### [YOUR TASK]
Please return every entry below exactly as written, without any of its pictures.

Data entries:
──────────

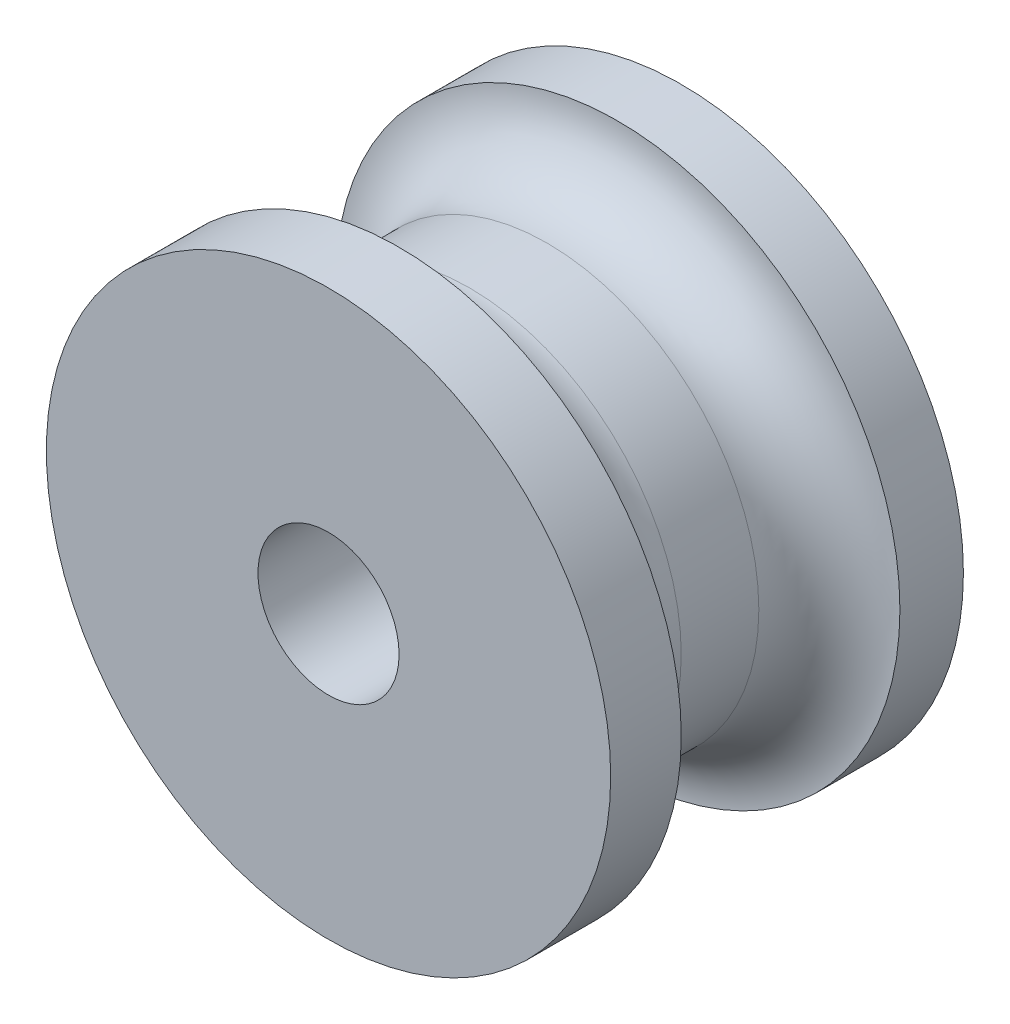
SolidWorks part; units mm, degrees
ref_plane "前视基准面" through (0, 0, 0) normal (0, 0, 1) x (1, 0, 0)
ref_plane "上视基准面" through (0, 0, 0) normal (0, 1, 0) x (1, 0, 0)
ref_plane "右视基准面" through (0, 0, 0) normal (1, 0, 0) x (0, 0, -1)
sketch "草图1" plane through (0, 0, 0) normal (0, 0, 1) x (1, 0, 0)
  circle A0 centre (0, 0) radius 40
  dimension "D1" = 80
extrude "凸台-拉伸1" add sketch "草图1" along normal blind 50
ref_plane "基准面1" through (0, 0, 25) normal (0, 0, 1) x (1, 0, 0)
sketch "草图2" plane through (0, 0, 25) normal (0, 0, 1) x (1, 0, 0)
  circle A0 centre (0, 0) radius 30
  dimension "D1" = 60
extrude "切除-拉伸1" cut sketch "草图2" along normal blind 15 and the other way blind 16 from offset 0 flip side to cut contours A0
fillet "圆角1" radius 10 1 edges at (30, 0, 40) type face fillet first side face at (30, 0, 40) second side face at (30, 0, 9)
fillet "圆角2" radius 10 1 edges at (30, 0, 9) type face fillet first side face at (30, 0, 9) second side face at (30, 0, 30)
sketch "草图3" plane through (0, 0, 25) normal (0, 0, 1) x (1, 0, 0)
  circle A0 centre (0, 0) radius 10
  dimension "D1" = 20
extrude "切除-拉伸2" cut sketch "草图3" against normal through all both and the other way through all from offset 0 contours A0

──────────

### [RESPONSE]
SolidWorks part; units mm, degrees
ref_plane "前视基准面" through (0, 0, 0) normal (0, 0, 1) x (1, 0, 0)
ref_plane "上视基准面" through (0, 0, 0) normal (0, 1, 0) x (1, 0, 0)
ref_plane "右视基准面" through (0, 0, 0) normal (1, 0, 0) x (0, 0, -1)
sketch "草图1" plane through (0, 0, 0) normal (0, 0, 1) x (1, 0, 0)
  circle A0 centre (0, 0) radius 40
  dimension "D1" = 80
extrude "凸台-拉伸1" add sketch "草图1" along normal blind 50
ref_plane "基准面1" through (0, 0, 25) normal (0, 0, 1) x (1, 0, 0)
sketch "草图2" plane through (0, 0, 25) normal (0, 0, 1) x (1, 0, 0)
  circle A0 centre (0, 0) radius 30
  dimension "D1" = 60
extrude "切除-拉伸1" cut sketch "草图2" along normal blind 15 and the other way blind 16 from offset 0 flip side to cut contours A0
fillet "圆角1" radius 10 1 edges at (30, 0, 40) type face fillet first side face at (30, 0, 40) second side face at (30, 0, 9)
fillet "圆角2" radius 10 1 edges at (30, 0, 9) type face fillet first side face at (30, 0, 9) second side face at (30, 0, 30)
sketch "草图3" plane through (0, 0, 25) normal (0, 0, 1) x (1, 0, 0)
  circle A0 centre (0, 0) radius 10
  dimension "D1" = 20
extrude "切除-拉伸2" cut sketch "草图3" against normal through all both and the other way through all from offset 0 contours A0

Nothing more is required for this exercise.